WORK INSTRUCTION — This exercise calls for copying every line below that holds the word "mode".

Records drawn from a dataset:
-*-*-

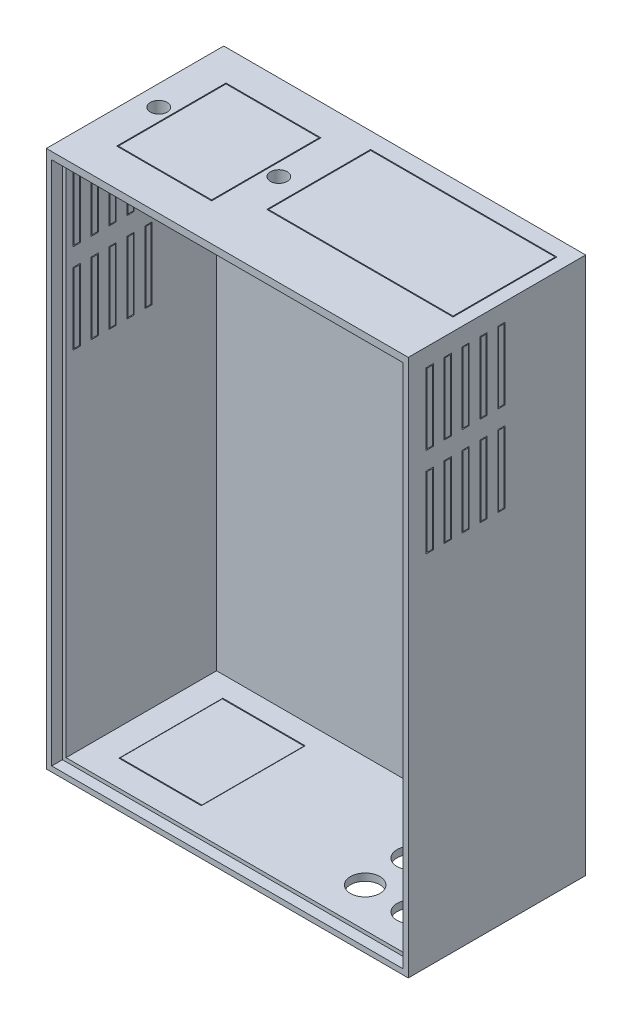
from build123d import *

# Parameters (mm, degrees)
SKETCH1_W             = 101
SKETCH1_H             = 150
BOSS_EXTRUDE1_DEPTH   = 49.5
SKETCH3_W             = 96
SKETCH3_H             = 143.3
CUT_EXTRUDE1_DEPTH    = 45
SKETCH4_R             = 1.7
CUT_EXTRUDE2_DEPTH    = 130.203149324
SKETCH5_R             = 3.2
CUT_EXTRUDE3_DEPTH    = 3
SKETCH6_W             = 26.5
SKETCH6_H             = 30.5
CUT_EXTRUDE4_DEPTH    = 4.2
SKETCH7_R             = 2.35
CUT_EXTRUDE5_DEPTH    = 4.2
SKETCH8_W             = 23
SKETCH8_H             = 29
CUT_EXTRUDE6_DEPTH    = 10
SKETCH9_W             = 28
SKETCH9_H             = 34
CUT_EXTRUDE7_DEPTH    = 1
SKETCH10_W            = 0.949786325
SKETCH10_H            = 5.291666666
CUT_EXTRUDE8_DEPTH    = 0.5
CUT_EXTRUDE9_DEPTH    = 0.5
SKETCH12_W            = 2
SKETCH12_H            = 20
CUT_EXTRUDE10_DEPTH   = 154.28379591
LPATTERN1_COUNT       = 5
LPATTERN1_PITCH       = 5
LPATTERN1_COUNT_DIR2  = 2
LPATTERN1_PITCH_DIR2  = 25
SKETCH13_W            = 52
SKETCH13_H            = 29
CUT_EXTRUDE11_DEPTH   = 10
SKETCH14_R            = 4.1
CUT_EXTRUDE12_DEPTH   = 10
SKETCH15_R            = 5.25
CUT_EXTRUDE13_DEPTH   = 0.5
SKETCH16_W            = 26
SKETCH16_H            = 30
BOSS_EXTRUDE2_DEPTH   = 4.2
SKETCH16_W_2          = 51.5
SKETCH16_H_2          = 28.5
BOSS_EXTRUDE2_2_DEPTH = 4.2
SKETCH17_W            = 22.8
SKETCH17_H            = 28.5
BOSS_EXTRUDE3_DEPTH   = 1.5
SKETCH18_W            = 1.5
SKETCH18_H            = 19.5
BOSS_EXTRUDE4_DEPTH   = 2.5
LPATTERN2_COUNT       = 5
LPATTERN2_PITCH       = 5
LPATTERN2_COUNT_DIR2  = 2
LPATTERN2_PITCH_DIR2  = 25
SKETCH19_W            = 1.5
SKETCH19_H            = 19.5
BOSS_EXTRUDE5_DEPTH   = 2.5
LPATTERN3_COUNT       = 5
LPATTERN3_PITCH       = 5
LPATTERN3_COUNT_DIR2  = 2
LPATTERN3_PITCH_DIR2  = 25
SKETCH21_W            = 98
SKETCH21_H            = 146.5
CUT_EXTRUDE14_DEPTH   = 3
CUT_EXTRUDE15_DEPTH   = 0.5
SKETCH23_W            = 2.289663462
SKETCH23_H            = 1.102430555
CUT_EXTRUDE16_DEPTH   = 0.5
CUT_EXTRUDE17_DEPTH   = 0.5


with BuildPart() as part:
    # Sketch1 → Boss-Extrude1 (new body)
    with BuildSketch(Plane.XY):
        with Locations((11.336734694, -29.137755102)):
            Rectangle(SKETCH1_W, SKETCH1_H)
    extrude(amount=BOSS_EXTRUDE1_DEPTH)

    # Sketch3 → Cut-Extrude1 (cut)
    with BuildSketch(Plane.XY.offset(49.5)):
        with Locations((11.336734694, -29.987755102)):
            Rectangle(SKETCH3_W, SKETCH3_H)
    extrude(amount=-CUT_EXTRUDE1_DEPTH, mode=Mode.SUBTRACT)

    # Sketch4 → Cut-Extrude2 (cut, through all)
    with BuildSketch(Plane.XY.offset(4.5)):
        with Locations((32.936734694, 33.662244898)):
            Circle(SKETCH4_R)
        with Locations((32.936734694, -21.337755102)):
            Circle(SKETCH4_R)
    extrude(amount=-CUT_EXTRUDE2_DEPTH, mode=Mode.SUBTRACT)

    # Sketch5 → Cut-Extrude3 (cut)
    with BuildSketch(Plane(origin=(0, 0, 0), x_dir=(-1, 0, 0), z_dir=(0, 0, -1))):
        with Locations((-32.936734694, 33.662244898)):
            Circle(SKETCH5_R)
        with Locations((-32.936734694, -21.337755102)):
            Circle(SKETCH5_R)
    extrude(amount=-CUT_EXTRUDE3_DEPTH, mode=Mode.SUBTRACT)

    # Sketch6 → Cut-Extrude4 (cut)
    with BuildSketch(Plane(origin=(0, 45.862244898, 0), x_dir=(1, 0, 0), z_dir=(0, 1, 0))):
        with Locations((-16.663265306, -23.872073948)):
            Rectangle(SKETCH6_W, SKETCH6_H)
    extrude(amount=-CUT_EXTRUDE4_DEPTH, mode=Mode.SUBTRACT)

    # Sketch7 → Cut-Extrude5 (cut)
    with BuildSketch(Plane(origin=(0, 45.862244898, 0), x_dir=(1, 0, 0), z_dir=(0, 1, 0))):
        with Locations(Location((0.086734694, -23.872073948, 0), (0, 0, 270))):
            Circle(SKETCH7_R)
        with Locations(Location((-33.413265306, -23.872073948, 0), (0, 0, 270))):
            Circle(SKETCH7_R)
    extrude(amount=-CUT_EXTRUDE5_DEPTH, mode=Mode.SUBTRACT)

    # Sketch8 → Cut-Extrude6 (cut)
    with BuildSketch(Plane.XZ.offset(104.137755102)):
        with Locations((-17.663265306, 24.75)):
            Rectangle(SKETCH8_W, SKETCH8_H)
    extrude(amount=-CUT_EXTRUDE6_DEPTH, mode=Mode.SUBTRACT)

    # Sketch9 → Cut-Extrude7 (cut)
    with BuildSketch(Plane.XZ.offset(104.137755102)):
        with Locations((-17.663265306, 24.75)):
            Rectangle(SKETCH9_W, SKETCH9_H)
    extrude(amount=-CUT_EXTRUDE7_DEPTH, mode=Mode.SUBTRACT)

    # Sketch10 → Cut-Extrude8 (cut)
    with BuildSketch(Plane.XZ.offset(104.137755102)):
        with Locations((-17.372253718, 45.388248418)):
            Rectangle(SKETCH10_W, SKETCH10_H)
    extrude(amount=-CUT_EXTRUDE8_DEPTH, mode=Mode.SUBTRACT)

    # Sketch11 → Cut-Extrude9 (cut)
    with BuildSketch(Plane.XZ.offset(104.137755102)):
        with BuildLine():
            add(Edge.make_bspline(
                [(-17.809030164, 6.672249841), (-17.763056564, 6.67156735), (-17.672660183, 6.67022539), (-17.539523329, 6.655690873), (-17.411275729, 6.633733271), (-17.287415662, 6.603110073), (-17.168834685, 6.562581361), (-17.054669741, 6.514069188), (-16.946279725, 6.455028989), (-16.842282316, 6.388340053), (-16.742717574, 6.312838723), (-16.649978469, 6.226763309), (-16.562371388, 6.132094409), (-16.4817927, 6.0274008), (-16.406457967, 5.91363478), (-16.336614726, 5.79077831), (-16.272797643, 5.65823009), (-16.214291483, 5.515750927), (-16.16197509, 5.361205118), (-16.117909056, 5.192819957), (-16.080115059, 5.01055699), (-16.048214259, 4.813962537), (-16.02410241, 4.602775277), (-16.007850538, 4.377135511), (-15.996697735, 4.137478241), (-15.995787521, 3.973075323), (-15.995319895, 3.888612688)],
                knots=[0, 0, 0, 0, 0.879237366, 1.728815576, 2.559023295, 3.367336655, 4.166867292, 4.954216142, 5.737608147, 6.525189134, 7.316157332, 8.124696809, 8.942788509, 9.781158001, 10.649253743, 11.551476218, 12.482711956, 13.461909668, 14.496590415, 15.601789533, 16.789733467, 18.056700938, 19.410929216, 20.8549011, 22.384193279, 24, 24, 24, 24], degree=3))
            add(Edge.make_bspline(
                [(-15.995319895, 3.888612688), (-15.995825272, 3.803093331), (-15.996807211, 3.636930754), (-16.007386913, 3.395081456), (-16.025605659, 3.167803411), (-16.049087295, 2.95512013), (-16.081250712, 2.75714393), (-16.118918545, 2.573362184), (-16.163680147, 2.403841508), (-16.217719826, 2.24896387), (-16.275871847, 2.106234482), (-16.339863496, 1.9739447), (-16.408579408, 1.851736209), (-16.480443447, 1.73776533), (-16.559395464, 1.635391865), (-16.641592641, 1.54113458), (-16.73061399, 1.458583858), (-16.822711369, 1.383485405), (-16.921258676, 1.31858527), (-17.02523962, 1.261824682), (-17.136508, 1.215785104), (-17.253035583, 1.175742338), (-17.376808605, 1.146995952), (-17.50586033, 1.12418664), (-17.641647725, 1.111580815), (-17.734097253, 1.110016979), (-17.7814694, 1.109215653)],
                knots=[0, 0, 0, 0, 1.643780988, 3.193836972, 4.651895693, 6.025988579, 7.305620092, 8.505800249, 9.631074763, 10.672816429, 11.65661981, 12.592235626, 13.49536222, 14.350718032, 15.179365177, 15.97804903, 16.751647189, 17.51006938, 18.259804725, 19.016521909, 19.783502495, 20.571750527, 21.382245291, 22.22305063, 23.089471752, 24, 24, 24, 24], degree=3))
            add(Edge.make_bspline(
                [(-17.7814694, 1.109215653), (-17.828840269, 1.110032436), (-17.921639103, 1.111632503), (-18.057793681, 1.12409291), (-18.187529315, 1.147088353), (-18.312281581, 1.175963031), (-18.431182222, 1.215696505), (-18.544801363, 1.263113555), (-18.652265372, 1.319519985), (-18.753871799, 1.384571331), (-18.849273731, 1.459167319), (-18.939953714, 1.542510062), (-19.025711158, 1.634388307), (-19.10524148, 1.735831166), (-19.179847156, 1.845484589), (-19.248750167, 1.964600765), (-19.311909105, 2.093006263), (-19.371299592, 2.230880067), (-19.422902408, 2.381190442), (-19.468826518, 2.545279642), (-19.506446341, 2.724515484), (-19.53670272, 2.918840387), (-19.560859395, 3.127842666), (-19.578829185, 3.351623199), (-19.589467653, 3.590286219), (-19.590439294, 3.754331201), (-19.590939553, 3.838791307)],
                knots=[0, 0, 0, 0, 0.917216111, 1.796812873, 2.643793957, 3.46689424, 4.273913431, 5.068098542, 5.848489301, 6.620921603, 7.401012384, 8.190319798, 9.003608147, 9.831726257, 10.68377682, 11.569763213, 12.493818149, 13.453288342, 14.474581811, 15.568529029, 16.750744269, 18.018426408, 19.375425659, 20.823733699, 22.36466933, 24, 24, 24, 24], degree=3))
            add(Edge.make_bspline(
                [(-19.590939553, 3.838791307), (-19.590033381, 3.956141976), (-19.58828491, 4.182571604), (-19.566127008, 4.509696581), (-19.533604828, 4.812066956), (-19.485837448, 5.089176938), (-19.426773744, 5.342052862), (-19.351139596, 5.569028912), (-19.26503562, 5.773245812), (-19.191663971, 5.894225134), (-19.156327507, 5.952489892)],
                knots=[0, 0, 0, 0, 1.288568992, 2.486310467, 3.599230591, 4.627010532, 5.572937695, 6.447898582, 7.252493626, 8, 8, 8, 8], degree=3))
            add(Edge.make_bspline(
                [(-19.156327507, 5.952489892), (-19.11523995, 6.009729172), (-19.03490568, 6.121643244), (-18.894438963, 6.2685655), (-18.743525764, 6.394220609), (-18.579066412, 6.495764881), (-18.403661901, 6.575842703), (-18.215806293, 6.632400766), (-18.016193307, 6.665354129), (-17.87911574, 6.669916946), (-17.809030164, 6.672249841)],
                knots=[0, 0, 0, 0, 1.058512271, 2.069600068, 3.047294572, 4.004278952, 4.967380941, 5.939006123, 6.946246673, 8, 8, 8, 8], degree=3))
        make_face()
        with BuildLine():
            add(Edge.make_bspline(
                [(-17.785709518, 5.722463516), (-17.827270034, 5.72049363), (-17.908750706, 5.716631609), (-18.026983045, 5.683848491), (-18.138468758, 5.6332132), (-18.223272962, 5.572281543), (-18.286748065, 5.513871242), (-18.331098575, 5.46101182), (-18.373867652, 5.402024515), (-18.411643454, 5.334247532), (-18.447313672, 5.26011618), (-18.482174227, 5.179293945), (-18.510750729, 5.089795659), (-18.538826384, 4.99314549), (-18.563423277, 4.886671317), (-18.584030081, 4.76950283), (-18.60244045, 4.640878074), (-18.615281901, 4.500712798), (-18.627253987, 4.349153649), (-18.635836146, 4.185863013), (-18.639424131, 4.010884943), (-18.640564642, 3.890380142), (-18.641153228, 3.828191014)],
                knots=[0, 0, 0, 0, 1.076674018, 2.110852608, 3.161083442, 4.239746716, 4.804137807, 5.395870207, 6.026861976, 6.692161227, 7.405688833, 8.16177676, 8.973626916, 9.841385931, 10.773283133, 11.807421078, 12.927755683, 14.143907515, 15.458935494, 16.872852025, 18.386167141, 20, 20, 20, 20], degree=3))
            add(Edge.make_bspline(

-*-*-

EXERCISE OUTPUT —
    extrude(amount=-CUT_EXTRUDE1_DEPTH, mode=Mode.SUBTRACT)
    extrude(amount=-CUT_EXTRUDE2_DEPTH, mode=Mode.SUBTRACT)
    extrude(amount=-CUT_EXTRUDE3_DEPTH, mode=Mode.SUBTRACT)
    extrude(amount=-CUT_EXTRUDE4_DEPTH, mode=Mode.SUBTRACT)
    extrude(amount=-CUT_EXTRUDE5_DEPTH, mode=Mode.SUBTRACT)
    extrude(amount=-CUT_EXTRUDE6_DEPTH, mode=Mode.SUBTRACT)
    extrude(amount=-CUT_EXTRUDE7_DEPTH, mode=Mode.SUBTRACT)
    extrude(amount=-CUT_EXTRUDE8_DEPTH, mode=Mode.SUBTRACT)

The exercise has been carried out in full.